It sounds like the start of a groaningly bad joke: “An asshole, a diva, and a player walk into a bar . . . ” but that was my night.  At various points in the evening, I or people who love me described me as each of the three.

St. Patrick’s Day was interesting.  I headed out to meet JF and W.  W’s on-off girlfriend showed up with some of her friends.

At our first stop, I mercilessly toyed with someone who was trying to talk to me.   I never said an encouraging word to him.  In fact, I was quite rude and told him, look, I am not a nice person.  I am an asshole.  He was the friend of  JF’s friend, so he persisted.  By the end, he said, I bet you are one of those uppity women who only date lawyers or doctors.  (First, uppity?  I almost punched him.)  I said to him, rather bitchily, do I look like the kind of woman who dates professionals?  

(I repeated this later to BP, who agreed, no, of course you don’t, you diva.)

Of course, the stupid guy wanted JF and me to keep barhopping with him.  We declined and hit a second bar.

(This may be the right place to mention that things with BFD went from great to rocky while he was gone, as usually happens when he travels.  He was better this trip, he called me once and he emailed me once.  On the continuum of acceptable behavior, he still ranks fairly low.  

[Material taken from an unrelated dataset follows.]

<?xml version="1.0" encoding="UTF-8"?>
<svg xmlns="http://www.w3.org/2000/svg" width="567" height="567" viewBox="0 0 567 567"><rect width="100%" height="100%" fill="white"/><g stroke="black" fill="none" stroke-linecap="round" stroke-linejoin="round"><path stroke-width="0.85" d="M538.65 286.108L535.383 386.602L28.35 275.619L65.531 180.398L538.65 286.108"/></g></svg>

When things are rocky, I tend to think of us as “dating.”  For me, our sexual exclusivity is always in place, but that does not mean I cannot talk to or go out with other people.  When things are solid, I think of us as in an exclusive relationship and it would never occur to me to go out with anyone else.)

At the second place, I was watching a band standing near W and his girlfriend, whose relationship is r-o-u-g-h, plus she hates me.  A very handsome guy, locally famous, stepped in and hugged the guys.  They chatted for a bit, introduced me, and then eventually he turned back to the people he was with.  

 

As the evening wore on, I stood off nearer the band with JF and the guy, who we will call “G,” wandered over.  We chatted and sort of hit it off.  From time, to time, his hand brushed my back, or I touched him as we were speaking.  By the end, we were completely connected, talking trash about sports, etc. and he mentioned, after I said that I was going to just stand in front of him so people would stop bumping me as they passed: “that’s okay, since I will just be staring at your ass.”

Yeah, so I was certainly flirting with him, but not in an overt way.  More in a he’s a big, tall, broad shouldered  guy I am talking to in loud club way.  Like if BFD had rolled in, I would not have been uncomfortable introducing them.

At times, he touched me slightly inappropriately, but just for a second, and it was all on the surface innocent.

He was very open about the fact he thought was I was attractive  — hot body, great ass, etc.  I was a little shocked that he was as into me as he was.  He planted himself next to me, assured me each time he left that he would be back, and he was completely present.

It felt good and safe and all kinds of awesome, but I was always aware that I am dating BFD.  Not exclusively, since he disappeared on me again, but dating nonetheless.  

I was not aware at the time that G cleared everything with W before approaching me at all: “Your friend is really hot, what’s the deal?”  W said,” that’s [The Planner], she’s one of the guys.”  G responded, she does not look like one of the guys.

G and I hung out together and bounced within the club from one floor to another.  When we reencountered W, we were play-arguing and joking and having a great time.  G stepped to the bar (drink for him, water for me), and I asked W to drive me home to avoid any awkwardness with G putting me in a cab or offering to drive me home.  W declined because of his domestic drama.

W left, leaving me, G, JF and one of JF’s friends.  When JF announced he was leaving, I spoke up and asked for a ride.  As a result, G and I did not exchange numbers, but we have plenty of friends in common.  I am not interested-interested, but I am intrigued.

My friends are a little torn.  They really like G and want him to be better friends with them.  Also, they noted that G really liked me.  It’s a bit awkward.

The reality is that I am essentially all three things: an asshole, a diva, and a player.  I am an asshole: I am just not nice, which is apparently part of my charm.  I am very much a diva:  I expect the men in my life to fawn over me, non-romantically date me, squire me about town, and protect me.  I am also a bit of a player:  I have a roster of men who I know want to date me and I have no reason to shut anyone down permanently.  

It’s not attractive, but it is reality.

When I got home around midnight, completely sober, I saw an email from BFD.  He apologized for being out of contact, explaining he’d flown back late Sunday and out again early Monday.  He told me he’d be back at noon today.  I chose to ignore the message, so he called me as soon as he walked in his door to ask me out for tonight.

I have chosen to accept because I want to see him.  Our last date was not good and, though he was better when he was gone this time, he was still not good.  He hurt me again, in new and inventive ways, so I am curious to see what he was to say.

Our evening will be low-key as midweek always is.  I am heading to his place.  He says he’ll finalize a car detail this week and give me the key on Friday.  I am not holding my breath, but we shall see.